## Directions
Look through the records and copy each line with the string "instances" in it.

*** Block opens ***

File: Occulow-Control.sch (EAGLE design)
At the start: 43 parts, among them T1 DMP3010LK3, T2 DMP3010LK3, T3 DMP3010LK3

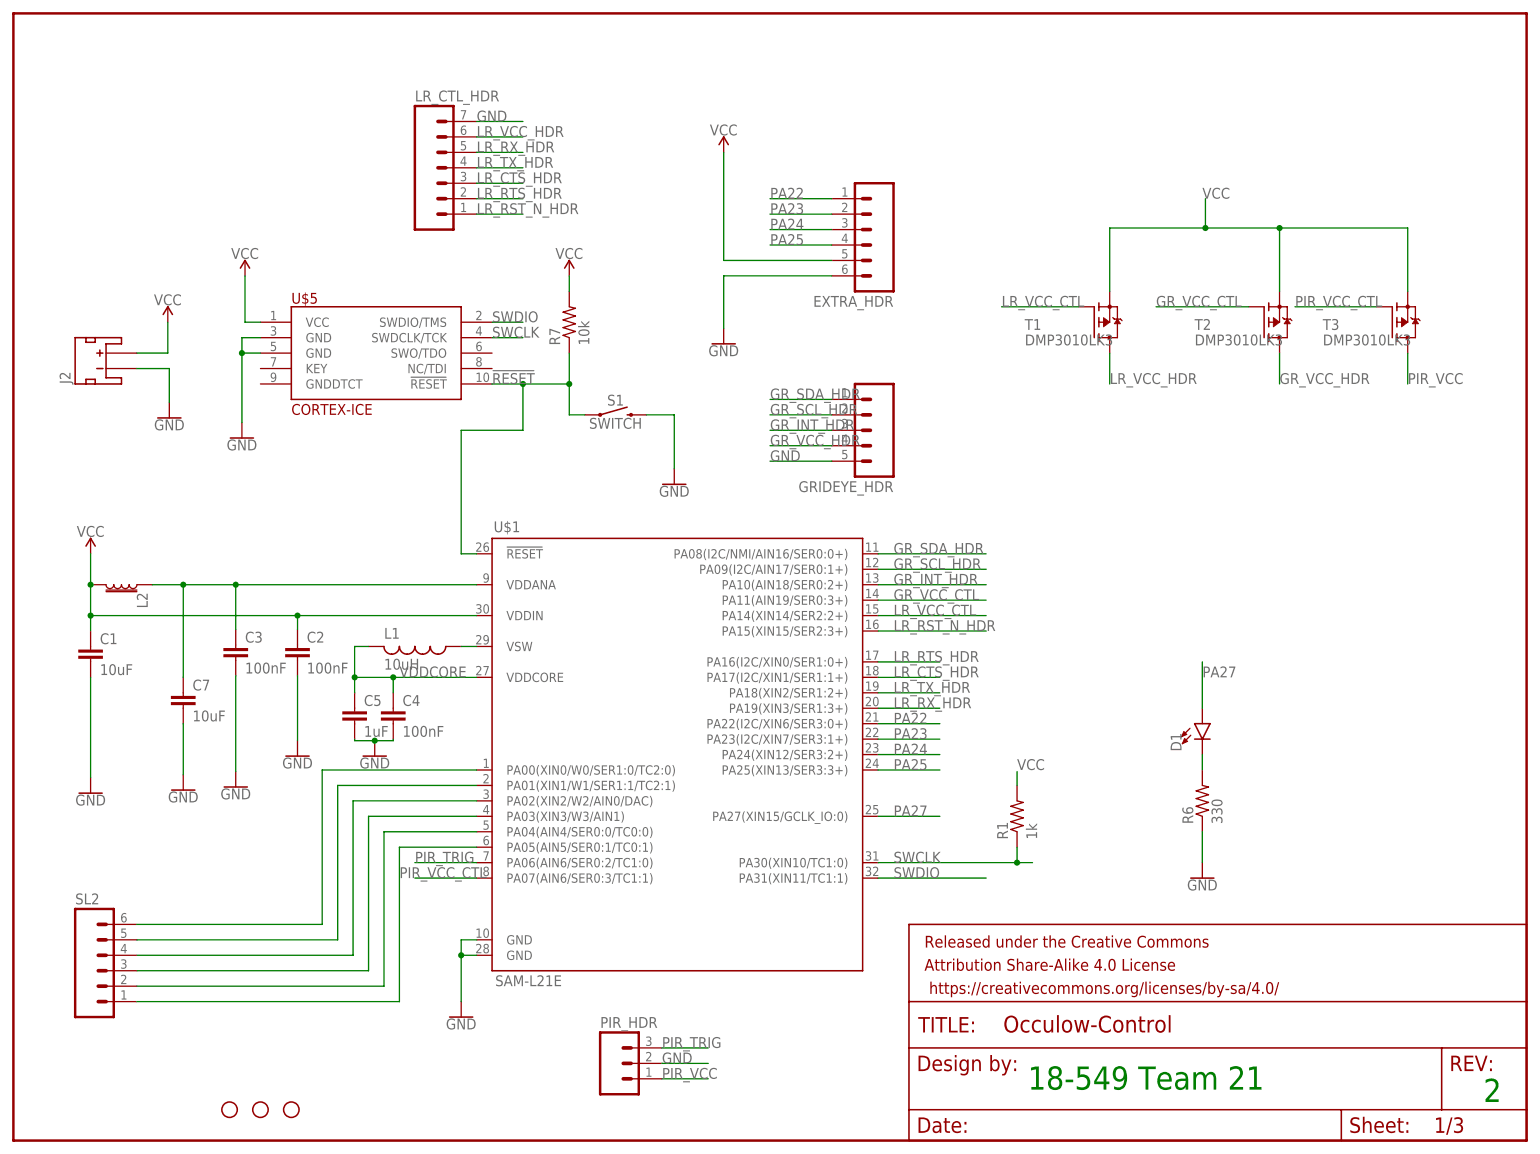
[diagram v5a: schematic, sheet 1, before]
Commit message: Replaced extra header with JTAG and i2c headers. Fixes #4
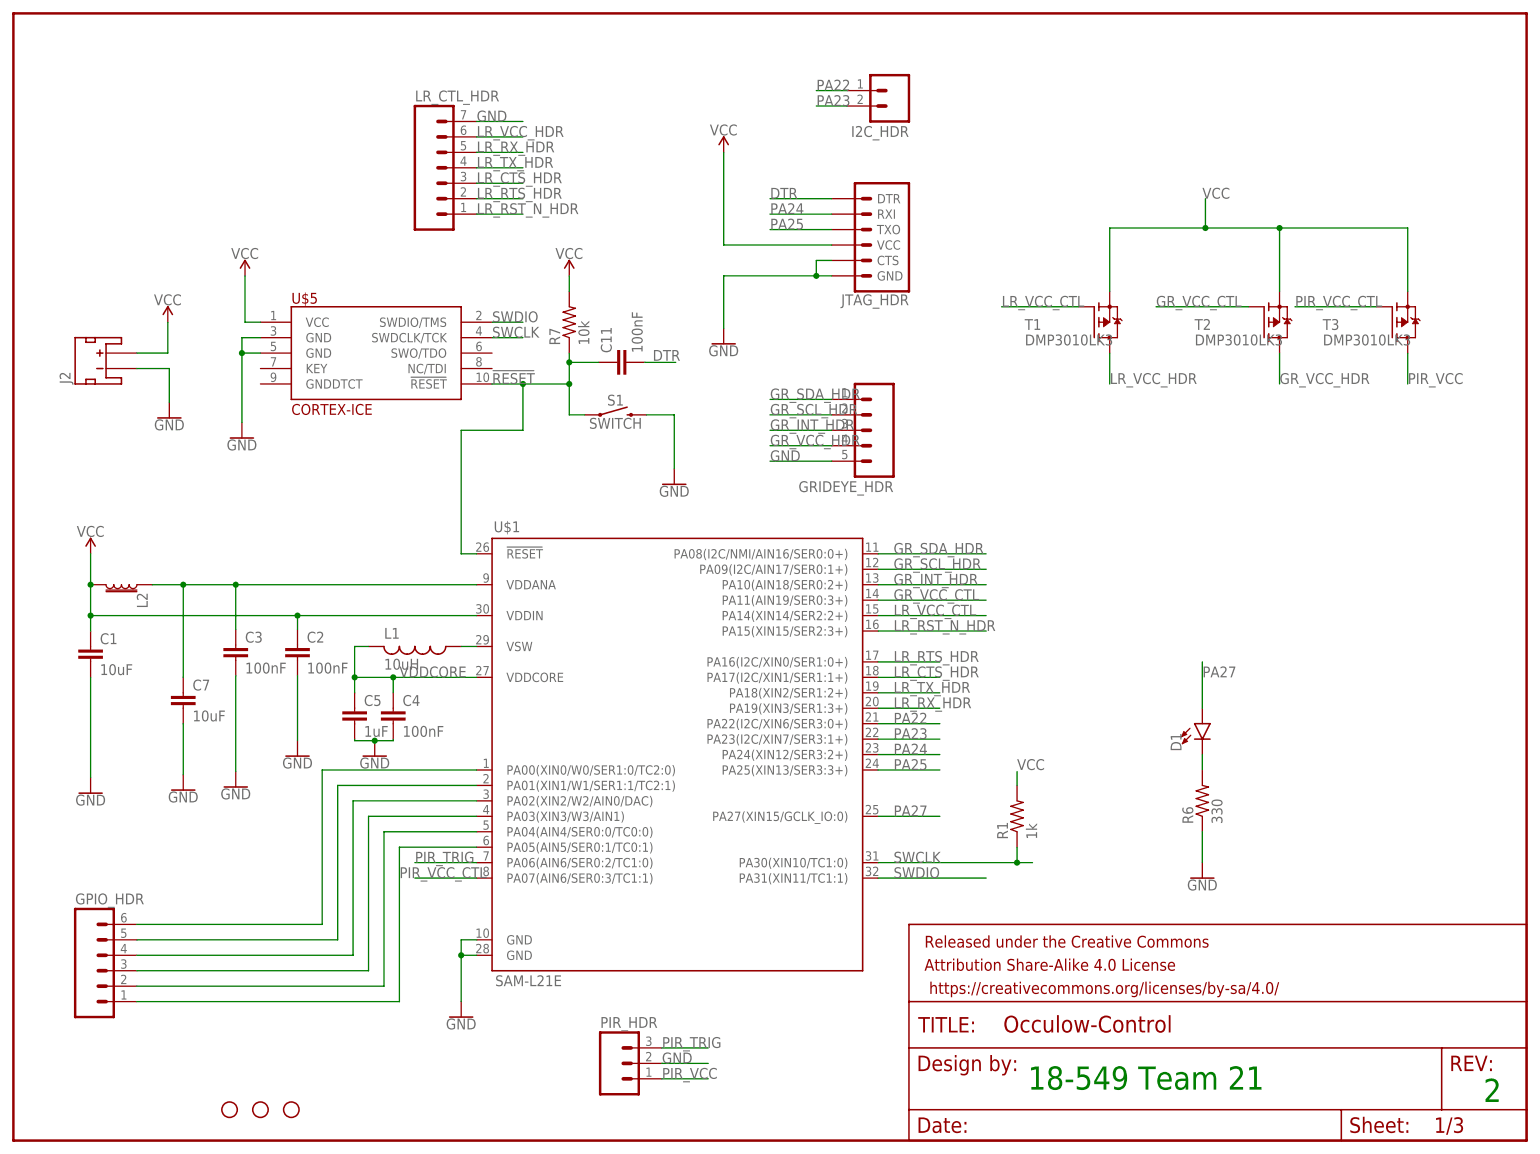
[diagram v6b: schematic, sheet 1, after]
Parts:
- removed EXTRA_HDR: (no value), con-amp-quick:M06
- added C11: 100nF, rcl:C-EUC1206
- added I2C_HDR: (no value), con-amp-quick:M02
- added JTAG_HDR: (no value), SparkFun-Connectors:6_PIN_SERIAL_TARGET
- renumbered SL2 to GPIO_HDR
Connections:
- new net DTR: C11.2, JTAG_HDR.DTR
- net !RESET: now also C11.1
- net GND: now also JTAG_HDR.CTS, JTAG_HDR.GND; no longer EXTRA_HDR.6
- net PA22: now also I2C_HDR.1; no longer EXTRA_HDR.1
- net PA23: now also I2C_HDR.2; no longer EXTRA_HDR.2
- net PA24: now also JTAG_HDR.RXI; no longer EXTRA_HDR.3
- net PA25: now also JTAG_HDR.TXO; no longer EXTRA_HDR.4
- net VCC: now also JTAG_HDR.VCC; no longer EXTRA_HDR.5
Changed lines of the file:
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@@
 <part name="SUPPLY6" library="SparkFun-PowerSymbols" deviceset="VCC" device=""/>
 <part name="GND11" library="SparkFun-PowerSymbols" deviceset="GND" device=""/>
-<part name="EXTRA_HDR" library="con-amp-quick" deviceset="M06" device=""/>
 <part name="L1" library="resistor" deviceset="L-US" device="L3225M" value="10uH"/>
 <part name="L2" library="SparkFun-Coils" deviceset="FERRITE_BEAD" device="-0603" value=""/>
@@
 <part name="GND4" library="SparkFun-PowerSymbols" deviceset="GND" device=""/>
 <part name="GND13" library="SparkFun-PowerSymbols" deviceset="GND" device=""/>
-<part name="SL2" library="con-amp-quick" deviceset="M06" device=""/>
+<part name="GPIO_HDR" library="con-amp-quick" deviceset="M06" device=""/>
 <part name="H1" library="SparkFun-Hardware" deviceset="STAND-OFF" device=""/>
 <part name="H2" library="SparkFun-Hardware" deviceset="STAND-OFF" device=""/>
@@
 <part name="SUPPLY2" library="SparkFun-PowerSymbols" deviceset="VCC" device=""/>
 <part name="GND6" library="SparkFun-PowerSymbols" deviceset="GND" device=""/>
+<part name="JTAG_HDR" library="SparkFun-Connectors" deviceset="6_PIN_SERIAL_TARGET" device=""/>
+<part name="C11" library="rcl" deviceset="C-EU" device="C1206" value="100nF"/>
+<part name="I2C_HDR" library="con-amp-quick" deviceset="M02" device=""/>
 </parts>
 <sheets>
@@
 <instance part="SUPPLY6" gate="G$1" x="25.4" y="134.62"/>
 <instance part="GND11" gate="1" x="25.654" y="118.872"/>
-<instance part="EXTRA_HDR" gate="G$1" x="139.7" y="149.86" rot="R180"/>
 <instance part="L1" gate="G$1" x="66.04" y="81.28" rot="R270"/>
 <instance part="L2" gate="G$1" x="17.78" y="91.44" rot="R270"/>
@@
 <instance part="GND4" gate="1" x="59.436" y="63.246"/>
 <instance part="GND13" gate="1" x="46.736" y="63.246"/>
-<instance part="SL2" gate="G$1" x="15.24" y="27.94"/>
+<instance part="GPIO_HDR" gate="G$1" x="15.24" y="27.94"/>
 <instance part="H1" gate="G$1" x="35.56" y="5.08"/>
 <instance part="H2" gate="G$1" x="40.64" y="5.08"/>
@@
 <instance part="SUPPLY2" gate="G$1" x="91.44" y="142.24"/>
 <instance part="GND6" gate="1" x="108.712" y="107.95"/>
+<instance part="JTAG_HDR" gate="G$1" x="139.7" y="149.86" rot="R180"/>
+<instance part="C11" gate="G$1" x="98.806" y="128.016" rot="R90"/>
+<instance part="I2C_HDR" gate="G$1" x="144.78" y="172.72" rot="R180"/>
 </instances>
 <busses>
@@
 <pinref part="GND10" gate="1" pin="GND"/>
 <wire x1="116.84" y1="142.24" x2="116.84" y2="133.604" width="0.1524" layer="91"/>
-<pinref part="EXTRA_HDR" gate="G$1" pin="6"/>
-<wire x1="134.62" y1="142.24" x2="116.84" y2="142.24" width="0.1524" layer="91"/>
+<wire x1="134.62" y1="142.24" x2="132.08" y2="142.24" width="0.1524" layer="91"/>
+<pinref part="JTAG_HDR" gate="G$1" pin="GND"/>
+<pinref part="JTAG_HDR" gate="G$1" pin="CTS"/>
+<wire x1="132.08" y1="142.24" x2="116.84" y2="142.24" width="0.1524" layer="91"/>
+<wire x1="134.62" y1="144.78" x2="132.08" y2="144.78" width="0.1524" layer="91"/>
+<wire x1="132.08" y1="144.78" x2="132.08" y2="142.24" width="0.1524" layer="91"/>
+<junction x="132.08" y="142.24"/>
 </segment>
 <segment>
@@
 </segment>
 <segment>
-<pinref part="EXTRA_HDR" gate="G$1" pin="5"/>
-<pinref part="SUPPLY5" gate="G$1" pin="VCC"/>
-<wire x1="134.62" y1="144.78" x2="116.84" y2="144.78" width="0.1524" layer="91"/>
-<wire x1="116.84" y1="144.78" x2="116.84" y2="162.56" width="0.1524" layer="91"/>
-</segment>
-<segment>
 <pinref part="R7" gate="G$1" pin="2"/>
 <pinref part="SUPPLY2" gate="G$1" pin="VCC"/>
 <wire x1="91.44" y1="139.7" x2="91.44" y2="142.24" width="0.1524" layer="91"/>
+</segment>
+<segment>
+<pinref part="JTAG_HDR" gate="G$1" pin="VCC"/>
+<pinref part="SUPPLY5" gate="G$1" pin="VCC"/>
+<wire x1="134.62" y1="147.32" x2="116.84" y2="147.32" width="0.1524" layer="91"/>
+<wire x1="116.84" y1="147.32" x2="116.84" y2="162.56" width="0.1524" layer="91"/>
 </segment>
 </net>
@@
 <pinref part="U$1" gate="G$1" pin="PA00(XIN0/W0/SER1:0/TC2:0)"/>
 <wire x1="50.8" y1="60.96" x2="76.2" y2="60.96" width="0.1524" layer="91"/>
-<pinref part="SL2" gate="G$1" pin="6"/>
+<pinref part="GPIO_HDR" gate="G$1" pin="6"/>
 </segment>
 </net>
@@
 <pinref part="U$1" gate="G$1" pin="PA01(XIN1/W1/SER1:1/TC2:1)"/>
 <wire x1="53.34" y1="58.42" x2="76.2" y2="58.42" width="0.1524" layer="91"/>
-<pinref part="SL2" gate="G$1" pin="5"/>
+<pinref part="GPIO_HDR" gate="G$1" pin="5"/>
 </segment>
 </net>
@@
 <pinref part="U$1" gate="G$1" pin="PA02(XIN2/W2/AIN0/DAC)"/>
 <wire x1="55.88" y1="55.88" x2="76.2" y2="55.88" width="0.1524" layer="91"/>
-<pinref part="SL2" gate="G$1" pin="4"/>
+<pinref part="GPIO_HDR" gate="G$1" pin="4"/>
 </segment>
 </net>
@@
 <pinref part="U$1" gate="G$1" pin="PA03(XIN3/W3/AIN1)"/>
 <wire x1="58.42" y1="53.34" x2="76.2" y2="53.34" width="0.1524" layer="91"/>
-<pinref part="SL2" gate="G$1" pin="3"/>
+<pinref part="GPIO_HDR" gate="G$1" pin="3"/>
 </segment>
 </net>
@@
 <pinref part="U$1" gate="G$1" pin="PA04(AIN4/SER0:0/TC0:0)"/>
 <wire x1="60.96" y1="50.8" x2="76.2" y2="50.8" width="0.1524" layer="91"/>
-<pinref part="SL2" gate="G$1" pin="2"/>
+<pinref part="GPIO_HDR" gate="G$1" pin="2"/>
 </segment>
 </net>
@@
 <pinref part="U$1" gate="G$1" pin="PA05(AIN5/SER0:1/TC0:1)"/>
 <wire x1="63.5" y1="48.26" x2="76.2" y2="48.26" width="0.1524" layer="91"/>
-<pinref part="SL2" gate="G$1" pin="1"/>
+<pinref part="GPIO_HDR" gate="G$1" pin="1"/>
 </segment>
 </net>
@@
 </segment>
 <segment>
-<pinref part="EXTRA_HDR" gate="G$1" pin="1"/>
-<wire x1="134.62" y1="154.94" x2="124.46" y2="154.94" width="0.1524" layer="91"/>
-<label x="124.46" y="154.94" size="1.778" layer="95"/>
+<pinref part="I2C_HDR" gate="G$1" pin="1"/>
+<wire x1="137.16" y1="172.72" x2="132.08" y2="172.72" width="0.1524" layer="91"/>
+<label x="132.08" y="172.72" size="1.778" layer="95"/>
 </segment>
 </net>
@@
 </segment>
 <segment>
-<pinref part="EXTRA_HDR" gate="G$1" pin="2"/>
-<wire x1="134.62" y1="152.4" x2="124.46" y2="152.4" width="0.1524" layer="91"/>
-<label x="124.46" y="152.4" size="1.778" layer="95"/>
+<pinref part="I2C_HDR" gate="G$1" pin="2"/>
+<wire x1="137.16" y1="170.18" x2="132.08" y2="170.18" width="0.1524" layer="91"/>
+<label x="132.08" y="170.18" size="1.778" layer="95"/>
 </segment>
 </net>
@@
 <wire x1="91.44" y1="124.46" x2="91.44" y2="119.38" width="0.1524" layer="91"/>
 <pinref part="R7" gate="G$1" pin="1"/>
-<wire x1="91.44" y1="124.46" x2="91.44" y2="129.54" width="0.1524" layer="91"/>
+<wire x1="91.44" y1="124.46" x2="91.44" y2="128.016" width="0.1524" layer="91"/>
 <junction x="91.44" y="124.46"/>
+<pinref part="C11" gate="G$1" pin="1"/>
+<wire x1="91.44" y1="128.016" x2="91.44" y2="129.54" width="0.1524" layer="91"/>
+<wire x1="96.266" y1="128.016" x2="91.44" y2="128.016" width="0.1524" layer="91"/>
+<junction x="91.44" y="128.016"/>
 </segment>
 </net>
@@
 </segment>
 <segment>
-<wire x1="134.62" y1="149.86" x2="124.46" y2="149.86" width="0.1524" layer="91"/>
-<label x="124.46" y="149.86" size="1.778" layer="95"/>
-<pinref part="EXTRA_HDR" gate="G$1" pin="3"/>
+<wire x1="134.62" y1="152.4" x2="124.46" y2="152.4" width="0.1524" layer="91"/>
+<label x="124.46" y="152.4" size="1.778" layer="95"/>
+<pinref part="JTAG_HDR" gate="G$1" pin="RXI"/>
 </segment>
 </net>
@@
 </segment>
 <segment>
-<pinref part="EXTRA_HDR" gate="G$1" pin="4"/>
-<wire x1="134.62" y1="147.32" x2="124.46" y2="147.32" width="0.1524" layer="91"/>
-<label x="124.46" y="147.32" size="1.778" layer="95"/>
+<wire x1="134.62" y1="149.86" x2="124.46" y2="149.86" width="0.1524" layer="91"/>
+<label x="124.46" y="149.86" size="1.778" layer="95"/>
+<pinref part="JTAG_HDR" gate="G$1" pin="TXO"/>
 </segment>
 </net>
@@
 </segment>
 </net>
+<net name="DTR" class="0">
+<segment>
+<wire x1="134.62" y1="154.94" x2="127" y2="154.94" width="0.1524" layer="91"/>
+<label x="124.46" y="154.94" size="1.778" layer="95"/>
+<pinref part="JTAG_HDR" gate="G$1" pin="DTR"/>
+<wire x1="127" y1="154.94" x2="124.46" y2="154.94" width="0.1524" layer="91"/>
+</segment>
+<segment>
+<pinref part="C11" gate="G$1" pin="2"/>
+<wire x1="103.886" y1="128.016" x2="108.966" y2="128.016" width="0.1524" layer="91"/>
+<label x="105.156" y="128.27" size="1.778" layer="95"/>
+</segment>
+</net>

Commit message: Created 2 wire trap lib, placed in schematic
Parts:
- removed J2: (no value), SparkFun-Connectors:JST_2MM_MALE
- added U$7: MINI-LITE-TRAP, lite-trap:MINI-LITE-TRAP
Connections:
- net GND: now also U$7.2; no longer J2.-
- net VCC: now also U$7.1; no longer J2.+
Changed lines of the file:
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@@
 <?xml version="1.0" encoding="utf-8"?>
 <!DOCTYPE eagle SYSTEM "eagle.dtd">
-<eagle version="8.0.2">
+<eagle version="8.1.0">
 <drawing>
 <settings>
@@
 <part name="SUPPLY5" library="SparkFun-PowerSymbols" deviceset="VCC" device=""/>
 <part name="GND10" library="SparkFun-PowerSymbols" deviceset="GND" device=""/>
-<part name="J2" library="SparkFun-Connectors" deviceset="JST_2MM_MALE" device=""/>
 <part name="SUPPLY6" library="SparkFun-PowerSymbols" deviceset="VCC" device=""/>
 <part name="GND11" library="SparkFun-PowerSymbols" deviceset="GND" device=""/>
@@
 <part name="C11" library="rcl" deviceset="C-EU" device="C1206" value="100nF"/>
 <part name="I2C_HDR" library="con-amp-quick" deviceset="M02" device=""/>
+<part name="U$7" library="lite-trap" deviceset="MINI-LITE-TRAP" device=""/>
 </parts>
 <sheets>
@@
 <instance part="SUPPLY5" gate="G$1" x="116.84" y="162.56"/>
 <instance part="GND10" gate="1" x="116.84" y="131.064"/>
-<instance part="J2" gate="G$1" x="15.24" y="127" rot="R90"/>
 <instance part="SUPPLY6" gate="G$1" x="25.4" y="134.62"/>
 <instance part="GND11" gate="1" x="25.654" y="118.872"/>
@@
 <instance part="C11" gate="G$1" x="98.806" y="128.016" rot="R90"/>
 <instance part="I2C_HDR" gate="G$1" x="144.78" y="172.72" rot="R180"/>
+<instance part="U$7" gate="G$1" x="10.16" y="127"/>
 </instances>
 <busses>
@@
 <pinref part="U$5" gate="G$1" pin="GND@3"/>
 <pinref part="U$5" gate="G$1" pin="GND@5"/>
-</segment>
-<segment>
-<pinref part="J2" gate="G$1" pin="-"/>
-<pinref part="GND11" gate="1" pin="GND"/>
-<wire x1="20.32" y1="127" x2="25.654" y2="127" width="0.1524" layer="91"/>
-<wire x1="25.654" y1="127" x2="25.654" y2="121.412" width="0.1524" layer="91"/>
 </segment>
 <segment>
@@
 <wire x1="108.712" y1="119.38" x2="108.712" y2="110.49" width="0.1524" layer="91"/>
 </segment>
+<segment>
+<pinref part="U$7" gate="G$1" pin="2"/>
+<pinref part="GND11" gate="1" pin="GND"/>
+<wire x1="17.78" y1="124.46" x2="25.654" y2="124.46" width="0.1524" layer="91"/>
+<wire x1="25.654" y1="124.46" x2="25.654" y2="121.412" width="0.1524" layer="91"/>
+</segment>
 </net>
 <net name="VCC" class="0">
@@
 <wire x1="38.1" y1="134.62" x2="38.1" y2="142.24" width="0.1524" layer="91"/>
 <pinref part="U$5" gate="G$1" pin="VCC"/>
-</segment>
-<segment>
-<pinref part="J2" gate="G$1" pin="+"/>
-<pinref part="SUPPLY6" gate="G$1" pin="VCC"/>
-<wire x1="20.32" y1="129.54" x2="25.4" y2="129.54" width="0.1524" layer="91"/>
-<wire x1="25.4" y1="129.54" x2="25.4" y2="134.62" width="0.1524" layer="91"/>
 </segment>
 <segment>
@@
 <wire x1="134.62" y1="147.32" x2="116.84" y2="147.32" width="0.1524" layer="91"/>
 <wire x1="116.84" y1="147.32" x2="116.84" y2="162.56" width="0.1524" layer="91"/>
+</segment>
+<segment>
+<pinref part="U$7" gate="G$1" pin="1"/>
+<pinref part="SUPPLY6" gate="G$1" pin="VCC"/>
+<wire x1="17.78" y1="129.54" x2="25.4" y2="129.54" width="0.1524" layer="91"/>
+<wire x1="25.4" y1="129.54" x2="25.4" y2="134.62" width="0.1524" layer="91"/>
 </segment>
 </net>
@@
 </nets>
 </sheet>
+<sheet>
+<plain>
+</plain>
+<instances>
+</instances>
+<busses>
+</busses>
+<nets>
+</nets>
+</sheet>

*** Block closes ***

## Solved problem
 </instances>
 </instances>
+<instances>
+</instances>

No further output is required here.